Das passt nicht zusammen, meinen Sie?
Schon mal irgendwo auf Deutsche Werbung gestoßen? Was? Die gefällt Ihnen? Golf schwarz, stimmt’s?
Schade, zwei Blonde – ein Nest, bitte jetzt keine Witze an dieser Stelle – Spargrazien wichen ebenfalls vor dem Text – keine Witze! – und nahmen am Tresen Platz, im Wortsinne: sie nahmen diesen Platz in Besitz, okkupierten ihr Terrain mit Rundumsicht. Seiten blätterten langsamer, abschweifende Blicke nahmen zu, erst recht, als der Pullover fiel. Blond Eins, nein, das war Michaels Jordans Alptraum, Zwei zeigt Schulter, keine Kalte, weißes Top mit Spaghetti-Trägern im November, strahlend weiße Zähne, Ferrari-rote Fingernägel und ein unglaubliches Gefälle: drei ‚Umsteiger‘ – Whiskey mit Cola ein zu eins sollte eher Absteiger heißen – und Biere, begleitet von einer Brigade Zigaretten. Blond Drei tat mit. Sehr zur gegenseitigen Belustigung. Auch zu der der Wirtin.
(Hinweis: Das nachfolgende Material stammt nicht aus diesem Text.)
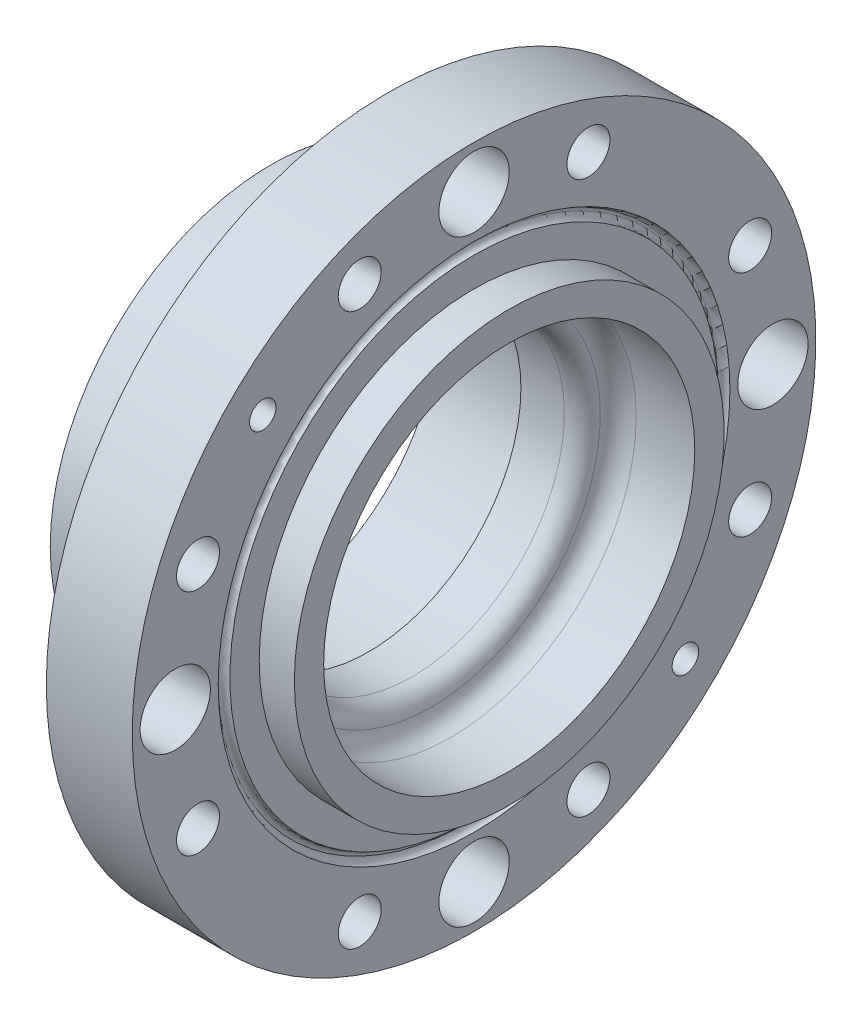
ISO-10303-21;
HEADER;
FILE_DESCRIPTION(('STEP AP214'),'2;1');
FILE_NAME('part.step','',(''),(''),'','','');
FILE_SCHEMA(('AUTOMOTIVE_DESIGN { 1 0 10303 214 1 1 1 1 }'));
ENDSEC;
DATA;
#1=APPLICATION_CONTEXT('core data for automotive mechanical design processes');
#2=APPLICATION_PROTOCOL_DEFINITION('international standard','automotive_design',2000,#1);
#3=PRODUCT_CONTEXT('',#1,'mechanical');
#4=PRODUCT('Part','Part','',(#3));
#5=PRODUCT_RELATED_PRODUCT_CATEGORY('part','',(#4));
#6=PRODUCT_DEFINITION_FORMATION('','',#4);
#7=PRODUCT_DEFINITION_CONTEXT('part definition',#1,'design');
#8=PRODUCT_DEFINITION('design','',#6,#7);
#9=PRODUCT_DEFINITION_SHAPE('','',#8);
#10=(LENGTH_UNIT() NAMED_UNIT(*) SI_UNIT(.MILLI.,.METRE.));
#11=(NAMED_UNIT(*) PLANE_ANGLE_UNIT() SI_UNIT($,.RADIAN.));
#12=(NAMED_UNIT(*) SI_UNIT($,.STERADIAN.) SOLID_ANGLE_UNIT());
#13=UNCERTAINTY_MEASURE_WITH_UNIT(LENGTH_MEASURE(1.E-05),#10,'distance_accuracy_value','');
#14=(GEOMETRIC_REPRESENTATION_CONTEXT(3) GLOBAL_UNCERTAINTY_ASSIGNED_CONTEXT((#13)) GLOBAL_UNIT_ASSIGNED_CONTEXT((#10,
#11,#12)) REPRESENTATION_CONTEXT('',''));
#15=CARTESIAN_POINT('',(0.,0.,0.));
#16=DIRECTION('',(0.,0.,1.));
#17=DIRECTION('',(1.,0.,0.));
#18=AXIS2_PLACEMENT_3D('',#15,#16,#17);
#19=CARTESIAN_POINT('',(5.,0.,0.));
#20=DIRECTION('',(-1.,0.,0.));
#21=DIRECTION('',(0.,0.,1.));
#22=AXIS2_PLACEMENT_3D('',#19,#20,#21);
#23=CYLINDRICAL_SURFACE('',#22,39.);
#24=CARTESIAN_POINT('',(36.1129536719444,0.,0.));
#25=DIRECTION('',(-1.,0.,0.));
#26=DIRECTION('',(0.,-1.,0.));
#27=AXIS2_PLACEMENT_3D('',#24,#25,#26);
#28=CIRCLE('',#27,39.);
#29=CARTESIAN_POINT('',(36.1129536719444,-39.,0.));
#30=VERTEX_POINT('',#29);
#31=EDGE_CURVE('E47',#30,#30,#28,.F.);
#32=ORIENTED_EDGE('',*,*,#31,.T.);
#33=EDGE_LOOP('',(#32));
#34=FACE_BOUND('',#33,.T.);
#35=CARTESIAN_POINT('',(25.,0.,0.));
#36=DIRECTION('',(-1.,0.,0.));
#37=DIRECTION('',(0.,0.,1.));
#38=AXIS2_PLACEMENT_3D('',#35,#36,#37);
#39=CIRCLE('',#38,39.);
#40=CARTESIAN_POINT('',(25.,0.,39.));
#41=VERTEX_POINT('',#40);
#42=EDGE_CURVE('E253',#41,#41,#39,.F.);
#43=ORIENTED_EDGE('',*,*,#42,.F.);
#44=EDGE_LOOP('',(#43));
#45=FACE_BOUND('',#44,.T.);
#46=ADVANCED_FACE('F39',(#34,#45),#23,.F.);
#47=CARTESIAN_POINT('',(51.999813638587,-39.3565741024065,0.));
#48=DIRECTION('',(1.,0.,0.));
#49=DIRECTION('',(0.,0.,-1.));
#50=AXIS2_PLACEMENT_3D('',#47,#48,#49);
#51=PLANE('',#50);
#52=CARTESIAN_POINT('',(51.999813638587,0.,0.));
#53=DIRECTION('',(-1.,0.,0.));
#54=DIRECTION('',(0.,0.,1.));
#55=AXIS2_PLACEMENT_3D('',#52,#53,#54);
#56=CIRCLE('',#55,55.);
#57=CARTESIAN_POINT('',(51.999813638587,0.,55.));
#58=VERTEX_POINT('',#57);
#59=EDGE_CURVE('E236',#58,#58,#56,.T.);
#60=ORIENTED_EDGE('',*,*,#59,.T.);
#61=EDGE_LOOP('',(#60));
#62=FACE_BOUND('',#61,.T.);
#63=CARTESIAN_POINT('',(51.999813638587,0.,0.));
#64=DIRECTION('',(1.,0.,0.));
#65=DIRECTION('',(0.,1.,0.));
#66=AXIS2_PLACEMENT_3D('',#63,#64,#65);
#67=CIRCLE('',#66,62.5);
#68=CARTESIAN_POINT('',(51.999813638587,62.5,0.));
#69=VERTEX_POINT('',#68);
#70=EDGE_CURVE('E252',#69,#69,#67,.T.);
#71=ORIENTED_EDGE('',*,*,#70,.T.);
#72=EDGE_LOOP('',(#71));
#73=FACE_BOUND('',#72,.T.);
#74=ADVANCED_FACE('F273',(#62,#73),#51,.T.);
#75=CARTESIAN_POINT('',(22.0003945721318,0.,0.));
#76=DIRECTION('',(-1.,0.,0.));
#77=DIRECTION('',(0.,0.,1.));
#78=AXIS2_PLACEMENT_3D('',#75,#76,#77);
#79=TOROIDAL_SURFACE('',#78,64.5001456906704,8.00000000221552);
#80=CARTESIAN_POINT('',(30.0003945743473,0.,0.));
#81=DIRECTION('',(-1.,0.,0.));
#82=DIRECTION('',(0.,0.,1.));
#83=AXIS2_PLACEMENT_3D('',#80,#81,#82);
#84=CIRCLE('',#83,64.5001456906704);
#85=CARTESIAN_POINT('',(30.0003945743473,0.,64.5001456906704));
#86=VERTEX_POINT('',#85);
#87=EDGE_CURVE('E227',#86,#86,#84,.T.);
#88=ORIENTED_EDGE('',*,*,#87,.T.);
#89=EDGE_LOOP('',(#88));
#90=FACE_BOUND('',#89,.T.);
#91=CARTESIAN_POINT('',(22.0001938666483,0.,0.));
#92=DIRECTION('',(-1.,0.,0.));
#93=DIRECTION('',(0.,0.,1.));
#94=AXIS2_PLACEMENT_3D('',#91,#92,#93);
#95=CIRCLE('',#94,56.5001456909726);
#96=CARTESIAN_POINT('',(22.0001938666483,0.,56.5001456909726));
#97=VERTEX_POINT('',#96);
#98=EDGE_CURVE('E245',#97,#97,#95,.T.);
#99=ORIENTED_EDGE('',*,*,#98,.F.);
#100=EDGE_LOOP('',(#99));
#101=FACE_BOUND('',#100,.T.);
#102=ADVANCED_FACE('F278',(#90,#101),#79,.F.);
#103=CARTESIAN_POINT('',(0.,0.,0.));
#104=DIRECTION('',(-1.,0.,0.));
#105=DIRECTION('',(0.,0.,1.));
#106=AXIS2_PLACEMENT_3D('',#103,#104,#105);
#107=CYLINDRICAL_SURFACE('',#106,56.5001456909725);
#108=CARTESIAN_POINT('',(0.,0.,0.));
#109=DIRECTION('',(-1.,0.,0.));
#110=DIRECTION('',(0.,0.,1.));
#111=AXIS2_PLACEMENT_3D('',#108,#109,#110);
#112=CIRCLE('',#111,56.5001456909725);
#113=CARTESIAN_POINT('',(0.,0.,56.5001456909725));
#114=VERTEX_POINT('',#113);
#115=EDGE_CURVE('E242',#114,#114,#112,.T.);
#116=ORIENTED_EDGE('',*,*,#115,.F.);
#117=EDGE_LOOP('',(#116));
#118=FACE_BOUND('',#117,.T.);
#119=ORIENTED_EDGE('',*,*,#98,.T.);
#120=EDGE_LOOP('',(#119));
#121=FACE_BOUND('',#120,.T.);
#122=ADVANCED_FACE('F434',(#118,#121),#107,.T.);
#123=CARTESIAN_POINT('',(0.,-39.3565741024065,0.));
#124=DIRECTION('',(1.,0.,0.));
#125=DIRECTION('',(0.,0.,-1.));
#126=AXIS2_PLACEMENT_3D('',#123,#124,#125);
#127=PLANE('',#126);
#128=CARTESIAN_POINT('',(0.,0.,0.));
#129=DIRECTION('',(-1.,0.,0.));
#130=DIRECTION('',(0.,0.,1.));
#131=AXIS2_PLACEMENT_3D('',#128,#129,#130);
#132=CIRCLE('',#131,42.5);
#133=CARTESIAN_POINT('',(0.,0.,42.5));
#134=VERTEX_POINT('',#133);
#135=EDGE_CURVE('E466',#134,#134,#132,.T.);
#136=ORIENTED_EDGE('',*,*,#135,.F.);
#137=EDGE_LOOP('',(#136));
#138=FACE_BOUND('',#137,.T.);
#139=CARTESIAN_POINT('',(0.,34.294678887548,34.2946788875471));
#140=DIRECTION('',(-1.,0.,0.));
#141=DIRECTION('',(0.,0.,1.));
#142=AXIS2_PLACEMENT_3D('',#139,#140,#141);
#143=CIRCLE('',#142,2.49999999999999);
#144=CARTESIAN_POINT('',(0.,34.294678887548,36.7946788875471));
#145=VERTEX_POINT('',#144);
#146=EDGE_CURVE('E83',#145,#145,#143,.T.);
#147=ORIENTED_EDGE('',*,*,#146,.F.);
#148=EDGE_LOOP('',(#147));
#149=FACE_BOUND('',#148,.T.);
#150=CARTESIAN_POINT('',(0.,5.08010534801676E-13,48.5));
#151=DIRECTION('',(-1.,0.,0.));
#152=DIRECTION('',(0.,0.,1.));
#153=AXIS2_PLACEMENT_3D('',#150,#151,#152);
#154=CIRCLE('',#153,2.49999999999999);
#155=CARTESIAN_POINT('',(0.,5.08010534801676E-13,51.));
#156=VERTEX_POINT('',#155);
#157=EDGE_CURVE('E82',#156,#156,#154,.T.);
#158=ORIENTED_EDGE('',*,*,#157,.F.);
#159=EDGE_LOOP('',(#158));
#160=FACE_BOUND('',#159,.T.);
#161=CARTESIAN_POINT('',(0.,-34.2946788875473,34.2946788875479));
#162=DIRECTION('',(-1.,0.,0.));
#163=DIRECTION('',(0.,0.,1.));
#164=AXIS2_PLACEMENT_3D('',#161,#162,#163);
#165=CIRCLE('',#164,2.49999999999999);
#166=CARTESIAN_POINT('',(0.,-34.2946788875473,36.7946788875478));
#167=VERTEX_POINT('',#166);
#168=EDGE_CURVE('E95',#167,#167,#165,.T.);
#169=ORIENTED_EDGE('',*,*,#168,.F.);
#170=EDGE_LOOP('',(#169));
#171=FACE_BOUND('',#170,.T.);
#172=CARTESIAN_POINT('',(0.,-48.5,3.38673689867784E-13));
#173=DIRECTION('',(-1.,0.,0.));
#174=DIRECTION('',(0.,0.,1.));
#175=AXIS2_PLACEMENT_3D('',#172,#173,#174);
#176=CIRCLE('',#175,2.49999999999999);
#177=CARTESIAN_POINT('',(0.,-48.5,2.50000000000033));
#178=VERTEX_POINT('',#177);
#179=EDGE_CURVE('E101',#178,#178,#176,.T.);
#180=ORIENTED_EDGE('',*,*,#179,.F.);
#181=EDGE_LOOP('',(#180));
#182=FACE_BOUND('',#181,.T.);
#183=CARTESIAN_POINT('',(0.,-34.2946788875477,-34.2946788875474));
#184=DIRECTION('',(-1.,0.,0.));
#185=DIRECTION('',(0.,0.,1.));
#186=AXIS2_PLACEMENT_3D('',#183,#184,#185);
#187=CIRCLE('',#186,2.49999999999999);
#188=CARTESIAN_POINT('',(0.,-34.2946788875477,-31.7946788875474));
#189=VERTEX_POINT('',#188);
#190=EDGE_CURVE('E107',#189,#189,#187,.T.);
#191=ORIENTED_EDGE('',*,*,#190,.F.);
#192=EDGE_LOOP('',(#191));
#193=FACE_BOUND('',#192,.T.);
#194=CARTESIAN_POINT('',(0.,-1.69336844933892E-13,-48.5));
#195=DIRECTION('',(-1.,0.,0.));
#196=DIRECTION('',(0.,0.,1.));
#197=AXIS2_PLACEMENT_3D('',#194,#195,#196);
#198=CIRCLE('',#197,2.49999999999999);
#199=CARTESIAN_POINT('',(0.,-1.69336844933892E-13,-46.));
#200=VERTEX_POINT('',#199);
#201=EDGE_CURVE('E113',#200,#200,#198,.T.);
#202=ORIENTED_EDGE('',*,*,#201,.F.);
#203=EDGE_LOOP('',(#202));
#204=FACE_BOUND('',#203,.T.);
#205=CARTESIAN_POINT('',(0.,34.2946788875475,-34.2946788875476));
#206=DIRECTION('',(-1.,0.,0.));
#207=DIRECTION('',(0.,0.,1.));
#208=AXIS2_PLACEMENT_3D('',#205,#206,#207);
#209=CIRCLE('',#208,2.49999999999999);
#210=CARTESIAN_POINT('',(0.,34.2946788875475,-31.7946788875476));
#211=VERTEX_POINT('',#210);
#212=EDGE_CURVE('E119',#211,#211,#209,.T.);
#213=ORIENTED_EDGE('',*,*,#212,.F.);
#214=EDGE_LOOP('',(#213));
#215=FACE_BOUND('',#214,.T.);
#216=CARTESIAN_POINT('',(0.,48.5,0.));
#217=DIRECTION('',(-1.,0.,0.));
#218=DIRECTION('',(0.,0.,1.));
#219=AXIS2_PLACEMENT_3D('',#216,#217,#218);
#220=CIRCLE('',#219,2.49999999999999);
#221=CARTESIAN_POINT('',(0.,48.5,2.49999999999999));
#222=VERTEX_POINT('',#221);
#223=EDGE_CURVE('E125',#222,#222,#220,.T.);
#224=ORIENTED_EDGE('',*,*,#223,.F.);
#225=EDGE_LOOP('',(#224));
#226=FACE_BOUND('',#225,.T.);
#227=ORIENTED_EDGE('',*,*,#115,.T.);
#228=EDGE_LOOP('',(#227));
#229=FACE_BOUND('',#228,.T.);
#230=ADVANCED_FACE('F430',(#138,#149,#160,#171,#182,#193,#204,#215,#226,#229),#127,.F.);
#231=CARTESIAN_POINT('',(60.999813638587,-39.3565741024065,0.));
#232=DIRECTION('',(-1.,0.,0.));
#233=DIRECTION('',(0.,0.,1.));
#234=AXIS2_PLACEMENT_3D('',#231,#232,#233);
#235=PLANE('',#234);
#236=CARTESIAN_POINT('',(60.999813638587,0.,0.));
#237=DIRECTION('',(1.,0.,0.));
#238=DIRECTION('',(0.,1.,0.));
#239=AXIS2_PLACEMENT_3D('',#236,#237,#238);
#240=CIRCLE('',#239,47.5);
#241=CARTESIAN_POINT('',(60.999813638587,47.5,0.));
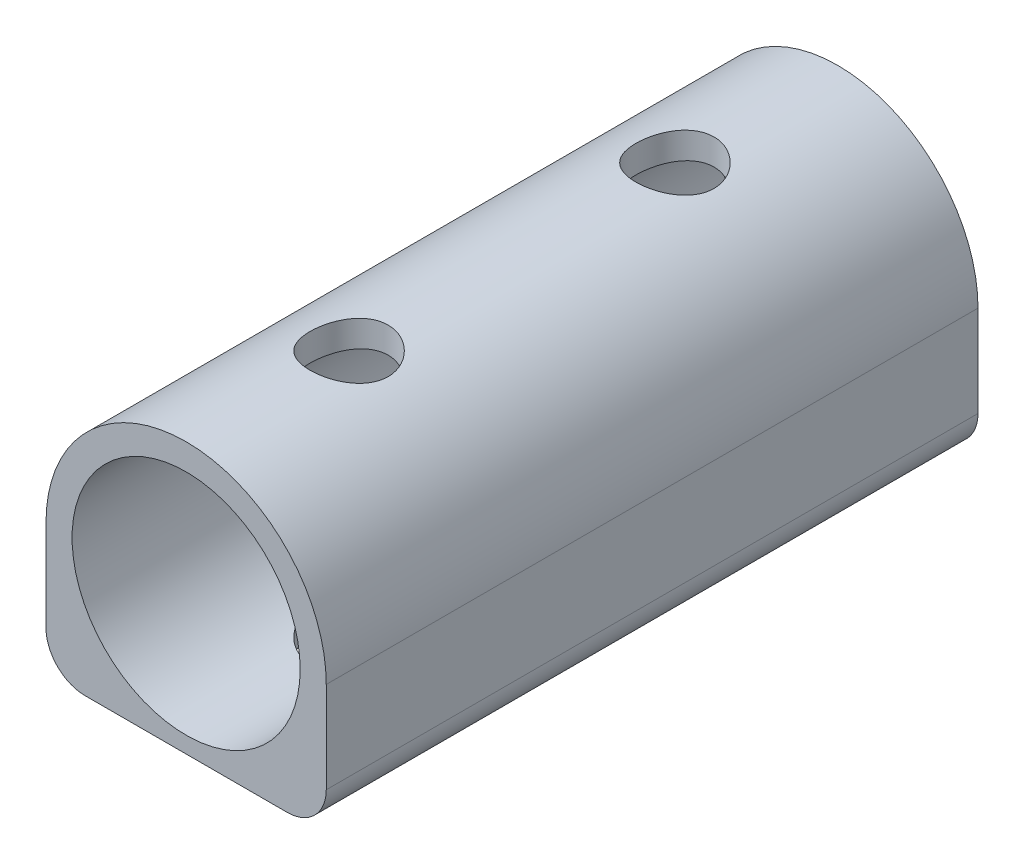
ISO-10303-21;
HEADER;
FILE_DESCRIPTION(('STEP AP214'),'2;1');
FILE_NAME('part.step','',(''),(''),'','','');
FILE_SCHEMA(('AUTOMOTIVE_DESIGN { 1 0 10303 214 1 1 1 1 }'));
ENDSEC;
DATA;
#1=APPLICATION_CONTEXT('core data for automotive mechanical design processes');
#2=APPLICATION_PROTOCOL_DEFINITION('international standard','automotive_design',2000,#1);
#3=PRODUCT_CONTEXT('',#1,'mechanical');
#4=PRODUCT('Part','Part','',(#3));
#5=PRODUCT_RELATED_PRODUCT_CATEGORY('part','',(#4));
#6=PRODUCT_DEFINITION_FORMATION('','',#4);
#7=PRODUCT_DEFINITION_CONTEXT('part definition',#1,'design');
#8=PRODUCT_DEFINITION('design','',#6,#7);
#9=PRODUCT_DEFINITION_SHAPE('','',#8);
#10=(LENGTH_UNIT() NAMED_UNIT(*) SI_UNIT(.MILLI.,.METRE.));
#11=(NAMED_UNIT(*) PLANE_ANGLE_UNIT() SI_UNIT($,.RADIAN.));
#12=(NAMED_UNIT(*) SI_UNIT($,.STERADIAN.) SOLID_ANGLE_UNIT());
#13=UNCERTAINTY_MEASURE_WITH_UNIT(LENGTH_MEASURE(1.E-05),#10,'distance_accuracy_value','');
#14=(GEOMETRIC_REPRESENTATION_CONTEXT(3) GLOBAL_UNCERTAINTY_ASSIGNED_CONTEXT((#13)) GLOBAL_UNIT_ASSIGNED_CONTEXT((#10,
#11,#12)) REPRESENTATION_CONTEXT('',''));
#15=CARTESIAN_POINT('',(0.,0.,0.));
#16=DIRECTION('',(0.,0.,1.));
#17=DIRECTION('',(1.,0.,0.));
#18=AXIS2_PLACEMENT_3D('',#15,#16,#17);
#19=CARTESIAN_POINT('',(21.5,-20.,100.));
#20=DIRECTION('',(0.,-1.,0.));
#21=DIRECTION('',(1.,0.,0.));
#22=AXIS2_PLACEMENT_3D('',#19,#20,#21);
#23=PLANE('',#22);
#24=CARTESIAN_POINT('',(0.,-20.,75.));
#25=DIRECTION('',(0.,-1.,0.));
#26=DIRECTION('',(1.,0.,0.));
#27=AXIS2_PLACEMENT_3D('',#24,#25,#26);
#28=CIRCLE('',#27,6.00000000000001);
#29=CARTESIAN_POINT('',(6.00000000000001,-20.,75.));
#30=VERTEX_POINT('',#29);
#31=EDGE_CURVE('E189',#30,#30,#28,.T.);
#32=ORIENTED_EDGE('',*,*,#31,.F.);
#33=EDGE_LOOP('',(#32));
#34=FACE_BOUND('',#33,.T.);
#35=CARTESIAN_POINT('',(0.,-20.,25.));
#36=DIRECTION('',(0.,-1.,0.));
#37=DIRECTION('',(1.,0.,0.));
#38=AXIS2_PLACEMENT_3D('',#35,#36,#37);
#39=CIRCLE('',#38,6.);
#40=CARTESIAN_POINT('',(6.,-20.,25.));
#41=VERTEX_POINT('',#40);
#42=EDGE_CURVE('E142',#41,#41,#39,.T.);
#43=ORIENTED_EDGE('',*,*,#42,.F.);
#44=EDGE_LOOP('',(#43));
#45=FACE_BOUND('',#44,.T.);
#46=DIRECTION('',(-1.,0.,0.));
#47=VECTOR('',#46,1.);
#48=CARTESIAN_POINT('',(21.5,-20.,100.));
#49=LINE('',#48,#47);
#50=CARTESIAN_POINT('',(15.5,-20.,100.));
#51=VERTEX_POINT('',#50);
#52=CARTESIAN_POINT('',(-15.5,-20.,100.));
#53=VERTEX_POINT('',#52);
#54=EDGE_CURVE('E102',#51,#53,#49,.T.);
#55=ORIENTED_EDGE('',*,*,#54,.T.);
#56=DIRECTION('',(0.,0.,-1.));
#57=VECTOR('',#56,1.);
#58=CARTESIAN_POINT('',(-15.5,-20.,100.));
#59=LINE('',#58,#57);
#60=CARTESIAN_POINT('',(-15.5,-20.,0.));
#61=VERTEX_POINT('',#60);
#62=EDGE_CURVE('E207',#53,#61,#59,.T.);
#63=ORIENTED_EDGE('',*,*,#62,.T.);
#64=DIRECTION('',(-1.,0.,0.));
#65=VECTOR('',#64,1.);
#66=CARTESIAN_POINT('',(21.5,-20.,0.));
#67=LINE('',#66,#65);
#68=CARTESIAN_POINT('',(15.5,-20.,0.));
#69=VERTEX_POINT('',#68);
#70=EDGE_CURVE('E119',#69,#61,#67,.T.);
#71=ORIENTED_EDGE('',*,*,#70,.F.);
#72=DIRECTION('',(0.,0.,-1.));
#73=VECTOR('',#72,1.);
#74=CARTESIAN_POINT('',(15.5,-20.,100.));
#75=LINE('',#74,#73);
#76=EDGE_CURVE('E126',#69,#51,#75,.F.);
#77=ORIENTED_EDGE('',*,*,#76,.T.);
#78=EDGE_LOOP('',(#55,#63,#71,#77));
#79=FACE_BOUND('',#78,.T.);
#80=ADVANCED_FACE('F43',(#34,#45,#79),#23,.T.);
#81=CARTESIAN_POINT('',(21.5,0.,100.));
#82=DIRECTION('',(1.,0.,0.));
#83=DIRECTION('',(0.,0.,-1.));
#84=AXIS2_PLACEMENT_3D('',#81,#82,#83);
#85=PLANE('',#84);
#86=DIRECTION('',(0.,-1.,0.));
#87=VECTOR('',#86,1.);
#88=CARTESIAN_POINT('',(21.5,0.,100.));
#89=LINE('',#88,#87);
#90=CARTESIAN_POINT('',(21.5,0.,100.));
#91=VERTEX_POINT('',#90);
#92=CARTESIAN_POINT('',(21.5,-14.,100.));
#93=VERTEX_POINT('',#92);
#94=EDGE_CURVE('E113',#91,#93,#89,.T.);
#95=ORIENTED_EDGE('',*,*,#94,.T.);
#96=DIRECTION('',(0.,0.,-1.));
#97=VECTOR('',#96,1.);
#98=CARTESIAN_POINT('',(21.5,-14.,100.));
#99=LINE('',#98,#97);
#100=CARTESIAN_POINT('',(21.5,-14.,0.));
#101=VERTEX_POINT('',#100);
#102=EDGE_CURVE('E12',#93,#101,#99,.T.);
#103=ORIENTED_EDGE('',*,*,#102,.T.);
#104=DIRECTION('',(0.,-1.,0.));
#105=VECTOR('',#104,1.);
#106=CARTESIAN_POINT('',(21.5,0.,0.));
#107=LINE('',#106,#105);
#108=CARTESIAN_POINT('',(21.5,0.,0.));
#109=VERTEX_POINT('',#108);
#110=EDGE_CURVE('E129',#109,#101,#107,.T.);
#111=ORIENTED_EDGE('',*,*,#110,.F.);
#112=DIRECTION('',(0.,0.,-1.));
#113=VECTOR('',#112,1.);
#114=CARTESIAN_POINT('',(21.5,0.,100.));
#115=LINE('',#114,#113);
#116=EDGE_CURVE('E115',#91,#109,#115,.T.);
#117=ORIENTED_EDGE('',*,*,#116,.F.);
#118=EDGE_LOOP('',(#95,#103,#111,#117));
#119=FACE_BOUND('',#118,.T.);
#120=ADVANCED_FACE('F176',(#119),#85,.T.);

„Du hast wohl das Flirten völlig verlernt, was?“
Anteilnahme wärmt.
„Geh doch mal ran, Mensch!“
Gute Ratschläge auch. Der Mann grinste etwas gequält und stieg um. Zu Kaffe zum Buch zum Blick zum Allein sein. Blicke trafen sich. Auch öfter. Ein Schokoriegel zu Kaffe zum Buch zu den Blicken wäre gut, Selbstabholer, auf dem Weg zum Genuss an den Spaghettiträgern vorbei, mit ergänzter Energie auf dem Rückweg die Trägerträgerin ansprechen dann. Von wegen der tut nichts! Der tut sehr wohl wenn er will, und er kann. Auch wieder mit ohne an seinen Platz gehen.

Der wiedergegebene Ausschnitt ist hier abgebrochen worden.